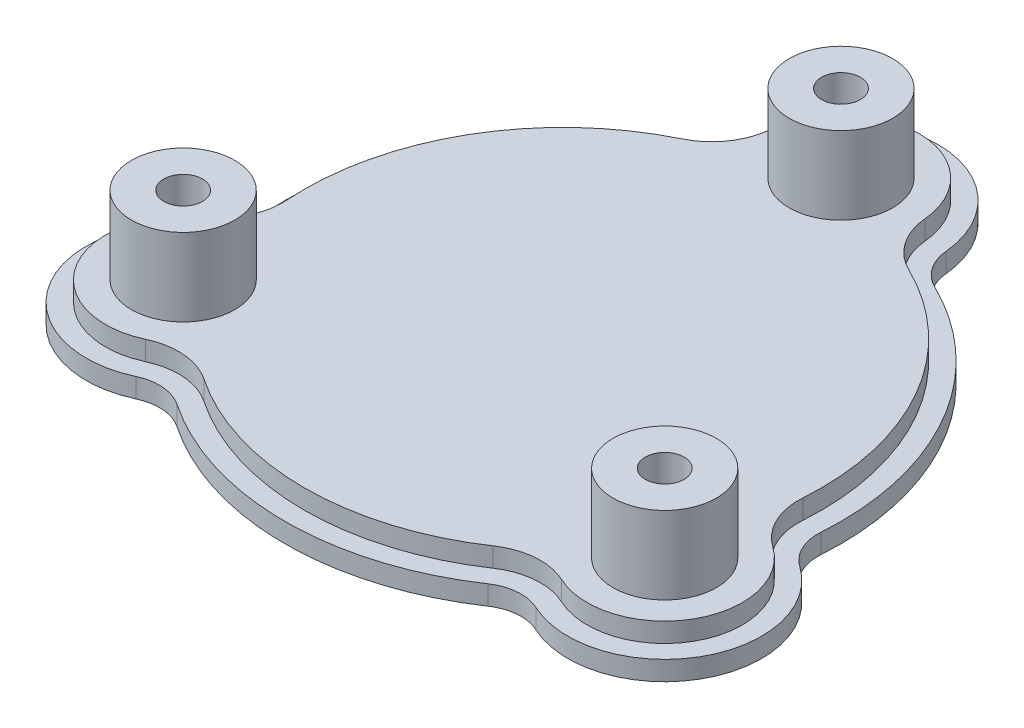
from build123d import *

# Parameters (mm, degrees)
SKETCH1_R           = 6
BOSS_EXTRUDE2_DEPTH = 3
SKETCH3_R           = 6
BOSS_EXTRUDE4_DEPTH = 3
SKETCH6_R           = 8
SKETCH6_R_2         = 6
BOSS_EXTRUDE6_DEPTH = 6
SKETCH7_R           = 8
SKETCH7_R_2         = 6
SKETCH7_R_3         = 3
BOSS_EXTRUDE7_DEPTH = 6


with BuildPart() as part:
    # Sketch1 → Boss-Extrude2 (new body)
    with BuildSketch(Plane(origin=(0, 0, 0), x_dir=(1, 0, 0), z_dir=(0, 1, 0))):
        with BuildLine():
            ThreePointArc((-18.846153454, 38.65), (-37.239092363, 21.5), (-42.894958583, -3.003752345))
            ThreePointArc((-42.894958583, -3.003752345), (-43.557934635, -6.502479184), (-45.856433127, -9.222319513))
            ThreePointArc((-45.856433127, -9.222319513), (-50.229473419, -29), (-30.914979544, -35.101676259))
            ThreePointArc((-30.914979544, -35.101676259), (-27.410279478, -34.471038339), (-24.048805129, -35.646247655))
            ThreePointArc((-24.048805129, -35.646247655), (0, -43), (24.048805129, -35.646247655))
            ThreePointArc((24.048805129, -35.646247655), (27.410279478, -34.471038339), (30.914979544, -35.101676259))
            ThreePointArc((30.914979544, -35.101676259), (50.229473419, -29), (45.856433127, -9.222319513))
            ThreePointArc((45.856433127, -9.222319513), (43.557934635, -6.502479184), (42.894958583, -3.003752345))
            ThreePointArc((42.894958583, -3.003752345), (37.239092363, 21.5), (18.846153454, 38.65))
            ThreePointArc((18.846153454, 38.65), (16.147655157, 40.973517523), (14.941453584, 44.323995772))
            ThreePointArc((14.941453584, 44.323995772), (0, 58), (-14.941453584, 44.323995772))
            ThreePointArc((-14.941453584, 44.323995772), (-16.147655157, 40.973517523), (-18.846153454, 38.65))
        make_face()
        with Locations(Location((0, 43, 0), (0, 0, 270))):
            Circle(SKETCH1_R, mode=Mode.SUBTRACT)
        with Locations(Location((37.239092363, -21.5, 0), (0, 0, 270))):
            Circle(SKETCH1_R, mode=Mode.SUBTRACT)
        with Locations(Location((-37.239092363, -21.5, 0), (0, 0, 270))):
            Circle(SKETCH1_R, mode=Mode.SUBTRACT)
    extrude(amount=BOSS_EXTRUDE2_DEPTH)

    # Sketch3 → Boss-Extrude4 (add)
    with BuildSketch(Plane(origin=(0, 3, 0), x_dir=(1, 0, 0), z_dir=(0, 1, 0))):
        with BuildLine():
            ThreePointArc((11.953162867, 44.059196617), (0, 55), (-11.953162867, 44.059196617))
            ThreePointArc((-11.953162867, 44.059196617), (-13.676307972, 39.272799119), (-17.531305538, 35.953488372))
            ThreePointArc((-17.531305538, 35.953488372), (-34.641016151, 20), (-39.902287054, -2.794188228))
            ThreePointArc((-39.902287054, -2.794188228), (-40.8493957, -7.792369426), (-44.132964974, -11.67785561))
            ThreePointArc((-44.132964974, -11.67785561), (-47.631397208, -27.5), (-32.179802107, -32.381341007))
            ThreePointArc((-32.179802107, -32.381341007), (-27.173087728, -31.480429693), (-22.370981516, -33.159300144))
            ThreePointArc((-22.370981516, -33.159300144), (0, -40), (22.370981516, -33.159300144))
            ThreePointArc((22.370981516, -33.159300144), (27.173087728, -31.480429693), (32.179802107, -32.381341007))
            ThreePointArc((32.179802107, -32.381341007), (47.631397208, -27.5), (44.132964974, -11.67785561))
            ThreePointArc((44.132964974, -11.67785561), (40.8493957, -7.792369426), (39.902287054, -2.794188228))
            ThreePointArc((39.902287054, -2.794188228), (34.641016151, 20), (17.531305538, 35.953488372))
            ThreePointArc((17.531305538, 35.953488372), (13.676307972, 39.272799119), (11.953162867, 44.059196617))
        make_face()
        with Locations(Location((37.239092363, -21.5, 0), (0, 0, 270))):
            Circle(SKETCH3_R, mode=Mode.SUBTRACT)
        with Locations(Location((-37.239092363, -21.5, 0), (0, 0, 270))):
            Circle(SKETCH3_R, mode=Mode.SUBTRACT)
        with Locations(Location((0, 43, 0), (0, 0, 270))):
            Circle(SKETCH3_R, mode=Mode.SUBTRACT)
    extrude(amount=BOSS_EXTRUDE4_DEPTH)

    # Sketch6 → Boss-Extrude6 (add)
    # profile 1 of 3: a face of its own
    with BuildSketch(Plane(origin=(0, 6, 0), x_dir=(1, 0, 0), z_dir=(0, 1, 0))):
        with Locations(Location((0, 43, 0), (0, 0, 270))):
            Circle(SKETCH6_R)
        with Locations(Location((0, 43, 0), (0, 0, 270))):
            Circle(SKETCH6_R_2, mode=Mode.SUBTRACT)
    # profile 2 of 3: a face of its own
    with BuildSketch(Plane(origin=(0, 6, 0), x_dir=(1, 0, 0), z_dir=(0, 1, 0))):
        with Locations(Location((-37.239092363, -21.5, 0), (0, 0, 270))):
            Circle(SKETCH6_R)
        with Locations(Location((-37.239092363, -21.5, 0), (0, 0, 270))):
            Circle(SKETCH6_R_2, mode=Mode.SUBTRACT)
    # profile 3 of 3: a face of its own
    with BuildSketch(Plane(origin=(0, 6, 0), x_dir=(1, 0, 0), z_dir=(0, 1, 0))):
        with Locations(Location((37.239092363, -21.5, 0), (0, 0, 270))):
            Circle(SKETCH6_R)
        with Locations(Location((37.239092363, -21.5, 0), (0, 0, 270))):
            Circle(SKETCH6_R_2, mode=Mode.SUBTRACT)
    extrude(amount=BOSS_EXTRUDE6_DEPTH)

    # Sketch7 → Boss-Extrude7 (add)
    # profile 1 of 6: a face of its own
    with BuildSketch(Plane(origin=(0, 12, 0), x_dir=(1, 0, 0), z_dir=(0, 1, 0))):
        with Locations(Location((0, 43, 0), (0, 0, 270))):
            Circle(SKETCH7_R)
        with Locations(Location((0, 43, 0), (0, 0, 270))):
            Circle(SKETCH7_R_2, mode=Mode.SUBTRACT)
    # profile 2 of 6: a face of its own
    with BuildSketch(Plane(origin=(0, 12, 0), x_dir=(1, 0, 0), z_dir=(0, 1, 0))):
        with Locations(Location((0, 43, 0), (0, 0, 270))):
            Circle(SKETCH7_R_2)
        with Locations(Location((0, 43, 0), (0, 0, 270))):
            Circle(SKETCH7_R_3, mode=Mode.SUBTRACT)
    # profile 3 of 6: a face of its own
    with BuildSketch(Plane(origin=(0, 12, 0), x_dir=(1, 0, 0), z_dir=(0, 1, 0))):
        with Locations(Location((-37.239092363, -21.5, 0), (0, 0, 270))):
            Circle(SKETCH7_R)
        with Locations(Location((-37.239092363, -21.5, 0), (0, 0, 270))):
            Circle(SKETCH7_R_2, mode=Mode.SUBTRACT)
    # profile 4 of 6: a face of its own
    with BuildSketch(Plane(origin=(0, 12, 0), x_dir=(1, 0, 0), z_dir=(0, 1, 0))):
        with Locations(Location((-37.239092363, -21.5, 0), (0, 0, 270))):
            Circle(SKETCH7_R_2)
        with Locations(Location((-37.239092363, -21.5, 0), (0, 0, 270))):
            Circle(SKETCH7_R_3, mode=Mode.SUBTRACT)
    # profile 5 of 6: a face of its own
    with BuildSketch(Plane(origin=(0, 12, 0), x_dir=(1, 0, 0), z_dir=(0, 1, 0))):
        with Locations(Location((37.239092363, -21.5, 0), (0, 0, 270))):
            Circle(SKETCH7_R)
        with Locations(Location((37.239092363, -21.5, 0), (0, 0, 270))):
            Circle(SKETCH7_R_2, mode=Mode.SUBTRACT)
    # profile 6 of 6: a face of its own
    with BuildSketch(Plane(origin=(0, 12, 0), x_dir=(1, 0, 0), z_dir=(0, 1, 0))):
        with Locations(Location((37.239092363, -21.5, 0), (0, 0, 270))):
            Circle(SKETCH7_R_2)
        with Locations(Location((37.239092363, -21.5, 0), (0, 0, 270))):
            Circle(SKETCH7_R_3, mode=Mode.SUBTRACT)
    extrude(amount=BOSS_EXTRUDE7_DEPTH)


solid = part.part
┄┄┄┄┄┄┄┄┄┄┄┄┄┄┄┄┄┄┄┄
» TASK STATEMENT: All lines of the material that contain the string "part" are to be copied.

» TASK RESULT:
with BuildPart() as part:
solid = part.part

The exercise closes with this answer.